Top of Given data

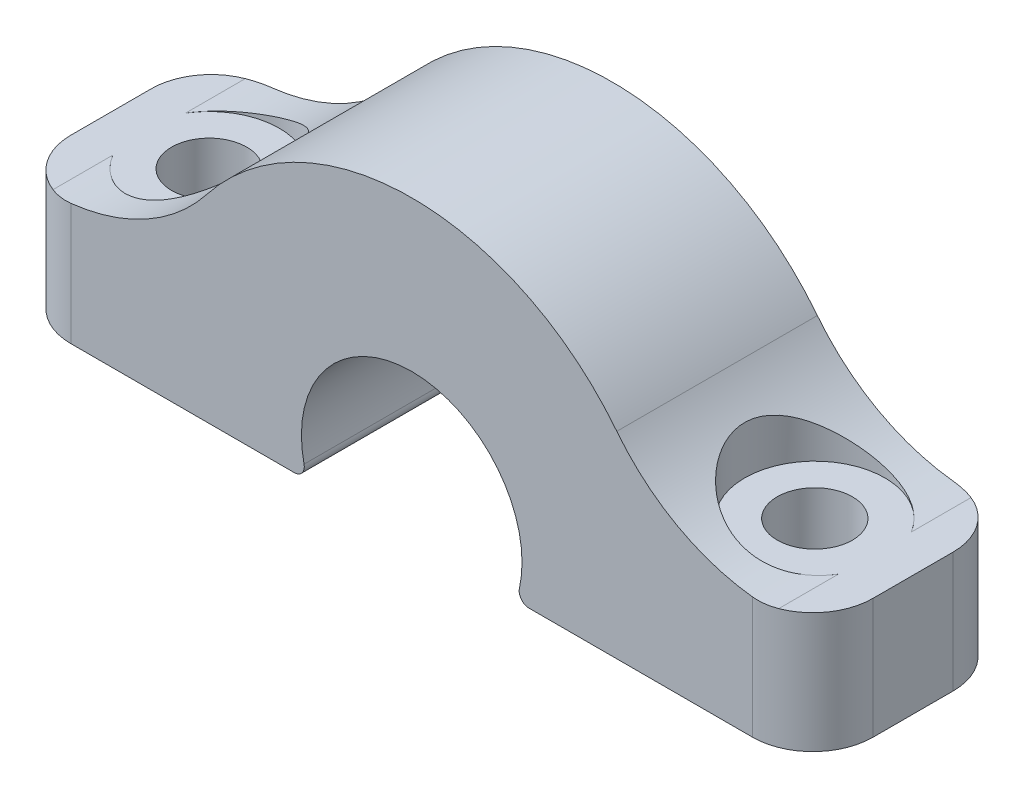
ISO-10303-21;
HEADER;
FILE_DESCRIPTION(('STEP AP214'),'2;1');
FILE_NAME('part.step','',(''),(''),'','','');
FILE_SCHEMA(('AUTOMOTIVE_DESIGN { 1 0 10303 214 1 1 1 1 }'));
ENDSEC;
DATA;
#1=APPLICATION_CONTEXT('core data for automotive mechanical design processes');
#2=APPLICATION_PROTOCOL_DEFINITION('international standard','automotive_design',2000,#1);
#3=PRODUCT_CONTEXT('',#1,'mechanical');
#4=PRODUCT('Part','Part','',(#3));
#5=PRODUCT_RELATED_PRODUCT_CATEGORY('part','',(#4));
#6=PRODUCT_DEFINITION_FORMATION('','',#4);
#7=PRODUCT_DEFINITION_CONTEXT('part definition',#1,'design');
#8=PRODUCT_DEFINITION('design','',#6,#7);
#9=PRODUCT_DEFINITION_SHAPE('','',#8);
#10=(LENGTH_UNIT() NAMED_UNIT(*) SI_UNIT(.MILLI.,.METRE.));
#11=(NAMED_UNIT(*) PLANE_ANGLE_UNIT() SI_UNIT($,.RADIAN.));
#12=(NAMED_UNIT(*) SI_UNIT($,.STERADIAN.) SOLID_ANGLE_UNIT());
#13=UNCERTAINTY_MEASURE_WITH_UNIT(LENGTH_MEASURE(1.E-05),#10,'distance_accuracy_value','');
#14=(GEOMETRIC_REPRESENTATION_CONTEXT(3) GLOBAL_UNCERTAINTY_ASSIGNED_CONTEXT((#13)) GLOBAL_UNIT_ASSIGNED_CONTEXT((#10,
#11,#12)) REPRESENTATION_CONTEXT('',''));
#15=CARTESIAN_POINT('',(0.,0.,0.));
#16=DIRECTION('',(0.,0.,1.));
#17=DIRECTION('',(1.,0.,0.));
#18=AXIS2_PLACEMENT_3D('',#15,#16,#17);
#19=CARTESIAN_POINT('',(18.0930926046378,17.,-5.));
#20=DIRECTION('',(0.,0.,1.));
#21=DIRECTION('',(1.,0.,0.));
#22=AXIS2_PLACEMENT_3D('',#19,#20,#21);
#23=CYLINDRICAL_SURFACE('',#22,10.);
#24=CARTESIAN_POINT('',(15.1,7.45843845798486,-3.5));
#25=CARTESIAN_POINT('',(14.9957744815553,7.49113363654862,-3.49999937894351));
#26=CARTESIAN_POINT('',(14.8920503182847,7.52555320507264,-3.49533712732048));
#27=CARTESIAN_POINT('',(14.6864704692407,7.59750925332968,-3.4770199790426));
#28=CARTESIAN_POINT('',(14.5846161602821,7.63504792553514,-3.46335870928451));
#29=CARTESIAN_POINT('',(14.2824899176906,7.75198358004934,-3.40932965524012));
#30=CARTESIAN_POINT('',(14.0860212484733,7.83558448011288,-3.35591892824392));
#31=CARTESIAN_POINT('',(13.7093247893162,8.00969664178313,-3.21809350096264));
#32=CARTESIAN_POINT('',(13.529012882222,8.10016695792562,-3.13385258982976));
#33=CARTESIAN_POINT('',(13.1863493665392,8.28439911478833,-2.93716871963753));
#34=CARTESIAN_POINT('',(13.02400023678,8.37816140744907,-2.82472187519056));
#35=CARTESIAN_POINT('',(12.7065629849136,8.57249224575692,-2.56271175755584));
#36=CARTESIAN_POINT('',(12.5533637698057,8.67293561779904,-2.41075656121847));
#37=CARTESIAN_POINT('',(12.2752726352632,8.86480192370938,-2.07794628512325));
#38=CARTESIAN_POINT('',(12.1503521796092,8.95623389792142,-1.89712065580072));
#39=CARTESIAN_POINT('',(11.9626391695541,9.09888545795057,-1.56001922457868));
#40=CARTESIAN_POINT('',(11.8921514642007,9.15434833718121,-1.40986803018752));
#41=CARTESIAN_POINT('',(11.802185773267,9.22658581403245,-1.17534780702147));
#42=CARTESIAN_POINT('',(11.7748256169936,9.24883817568156,-1.09562879811018));
#43=CARTESIAN_POINT('',(11.7257125784066,9.28913220849675,-0.933462509857196));
#44=CARTESIAN_POINT('',(11.7039571578905,9.30717578533317,-0.851016484648285));
#45=CARTESIAN_POINT('',(11.6662221241169,9.33867193699765,-0.683111797568064));
#46=CARTESIAN_POINT('',(11.6502980817797,9.35208027541501,-0.597632255087932));
#47=CARTESIAN_POINT('',(11.6248193687653,9.37361681617258,-0.42510997969888));
#48=CARTESIAN_POINT('',(11.6152614657036,9.38174769806889,-0.338068063171454));
#49=CARTESIAN_POINT('',(11.6027085577498,9.3924388625069,-0.163187769991199));
#50=CARTESIAN_POINT('',(11.5997116662892,9.39500074636982,-0.0753496295830434));
#51=CARTESIAN_POINT('',(11.6003326450853,9.39447182720633,0.100256545071428));
#52=CARTESIAN_POINT('',(11.6039498388818,9.39138160225339,0.188024585568789));
#53=CARTESIAN_POINT('',(11.6228314718648,9.37530143219923,0.427055087597409));
#54=CARTESIAN_POINT('',(11.6447101447259,9.35669817190197,0.57749253583343));
#55=CARTESIAN_POINT('',(11.7069447325321,9.30463072760712,0.871703498224611));
#56=CARTESIAN_POINT('',(11.7473083321797,9.27116036311155,1.01547421342967));
#57=CARTESIAN_POINT('',(11.8469541618087,9.19038766563389,1.30061826486027));
#58=CARTESIAN_POINT('',(11.9070679776435,9.14248688068783,1.44152729686208));
#59=CARTESIAN_POINT('',(12.0432555740981,9.03715631246864,1.71149416262173));
#60=CARTESIAN_POINT('',(12.1193362467417,8.97972241651586,1.84054684393924));
#61=CARTESIAN_POINT('',(12.3032809386475,8.84563905955013,2.11202692115639));
#62=CARTESIAN_POINT('',(12.4144634126502,8.76749968202169,2.25146977371429));
#63=CARTESIAN_POINT('',(12.6550416510483,8.60663424610772,2.51067488688945));
#64=CARTESIAN_POINT('',(12.7844535922079,8.52390415389179,2.63041946047944));
#65=CARTESIAN_POINT('',(13.085600845355,8.3419672382751,2.86982458403003));
#66=CARTESIAN_POINT('',(13.2607076911718,8.24261230718238,2.98515884804211));
#67=CARTESIAN_POINT('',(13.6308432677508,8.04835682973504,3.18364694361469));
#68=CARTESIAN_POINT('',(13.8258789010724,7.95345784347094,3.26678957716333));
#69=CARTESIAN_POINT('',(14.1323788401958,7.81709485270784,3.3653554471492));
#70=CARTESIAN_POINT('',(14.2381901877526,7.77215023832249,3.3940271875056));
#71=CARTESIAN_POINT('',(14.4531899577727,7.68525293462506,3.44147324397777));
#72=CARTESIAN_POINT('',(14.5623767863815,7.64329886324644,3.46025215800144));
#73=CARTESIAN_POINT('',(14.7832483134498,7.56290595365833,3.48741245178604));
#74=CARTESIAN_POINT('',(14.8949317308244,7.52446536185573,3.49579904493841));
#75=CARTESIAN_POINT('',(15.1198568836275,7.45150078429819,3.50175029356037));
#76=CARTESIAN_POINT('',(15.2330983884136,7.41697622570415,3.49931653393513));
#77=CARTESIAN_POINT('',(15.4478609074293,7.35563068656795,3.48415147405378));
#78=CARTESIAN_POINT('',(15.5493401578691,7.32838071121656,3.47254931625256));
#79=CARTESIAN_POINT('',(15.7517426466029,7.27739915762988,3.440309474335));
#80=CARTESIAN_POINT('',(15.8526659469785,7.25366717855236,3.41967282067446));
#81=CARTESIAN_POINT('',(16.0529765019127,7.20977852684445,3.36934653787664));
#82=CARTESIAN_POINT('',(16.152364383771,7.18962035686131,3.33966071440072));
#83=CARTESIAN_POINT('',(16.3486793023969,7.15281794401081,3.27132997948347));
#84=CARTESIAN_POINT('',(16.4456064874189,7.13617348900141,3.23268560921394));
#85=CARTESIAN_POINT('',(16.6274283587798,7.10760294226065,3.15055490896479));
#86=CARTESIAN_POINT('',(16.712618779908,7.09538636320077,3.10782188171888));
#87=CARTESIAN_POINT('',(16.8795081963375,7.07355562454869,3.01536965362439));
#88=CARTESIAN_POINT('',(16.9612059868913,7.06394235693911,2.96564806710039));
#89=CARTESIAN_POINT('',(17.1203892868874,7.04709836326033,2.85957451546335));
#90=CARTESIAN_POINT('',(17.1978766520727,7.03986658032266,2.80322550661329));
#91=CARTESIAN_POINT('',(17.3480835190137,7.02750534832115,2.68427212015379));
#92=CARTESIAN_POINT('',(17.4208012223994,7.02237668844176,2.62166540531743));
#93=CARTESIAN_POINT('',(17.6293755460405,7.00979529078277,2.42655071449442));
#94=CARTESIAN_POINT('',(17.7575585415072,7.00496242896702,2.28547539382554));
#95=CARTESIAN_POINT('',(17.9893198544501,6.99986291402521,1.98443562107609));
#96=CARTESIAN_POINT('',(18.0928954850621,6.99959675930955,1.82446910912931));
#97=CARTESIAN_POINT('',(18.2749535180071,7.00122815220176,1.48576633138951));
#98=CARTESIAN_POINT('',(18.352763276931,7.00317855900787,1.30666779298222));
#99=CARTESIAN_POINT('',(18.4775663297718,7.00719718131972,0.938043615602341));
#100=CARTESIAN_POINT('',(18.5245581793218,7.00926540234222,0.748517488362954));
#101=CARTESIAN_POINT('',(18.5867706238402,7.01214330937153,0.362130375357476));
#102=CARTESIAN_POINT('',(18.6016314455307,7.01293871824201,0.165211198451593));
#103=CARTESIAN_POINT('',(18.598084014714,7.01275888016385,-0.228325980345983));
#104=CARTESIAN_POINT('',(18.5796753460304,7.01178361106535,-0.424943978439362));
#105=CARTESIAN_POINT('',(18.5101524466422,7.00864106519968,-0.812098067565622));
#106=CARTESIAN_POINT('',(18.4590703749759,7.00647496081514,-1.00263994567654));
#107=CARTESIAN_POINT('',(18.3256711722529,7.00248378715893,-1.37247663176384));
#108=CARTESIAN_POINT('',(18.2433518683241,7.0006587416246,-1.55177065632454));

Bottom of Given data

What you have to do: Copy, word for word, the entries above from the first line to the line that holds "#5=PRODUCT_RELATED_PRODUCT_CATEGORY('part','',(#4));". Drop the pictures.

Response to the task:
ISO-10303-21;
HEADER;
FILE_DESCRIPTION(('STEP AP214'),'2;1');
FILE_NAME('part.step','',(''),(''),'','','');
FILE_SCHEMA(('AUTOMOTIVE_DESIGN { 1 0 10303 214 1 1 1 1 }'));
ENDSEC;
DATA;
#1=APPLICATION_CONTEXT('core data for automotive mechanical design processes');
#2=APPLICATION_PROTOCOL_DEFINITION('international standard','automotive_design',2000,#1);
#3=PRODUCT_CONTEXT('',#1,'mechanical');
#4=PRODUCT('Part','Part','',(#3));
#5=PRODUCT_RELATED_PRODUCT_CATEGORY('part','',(#4));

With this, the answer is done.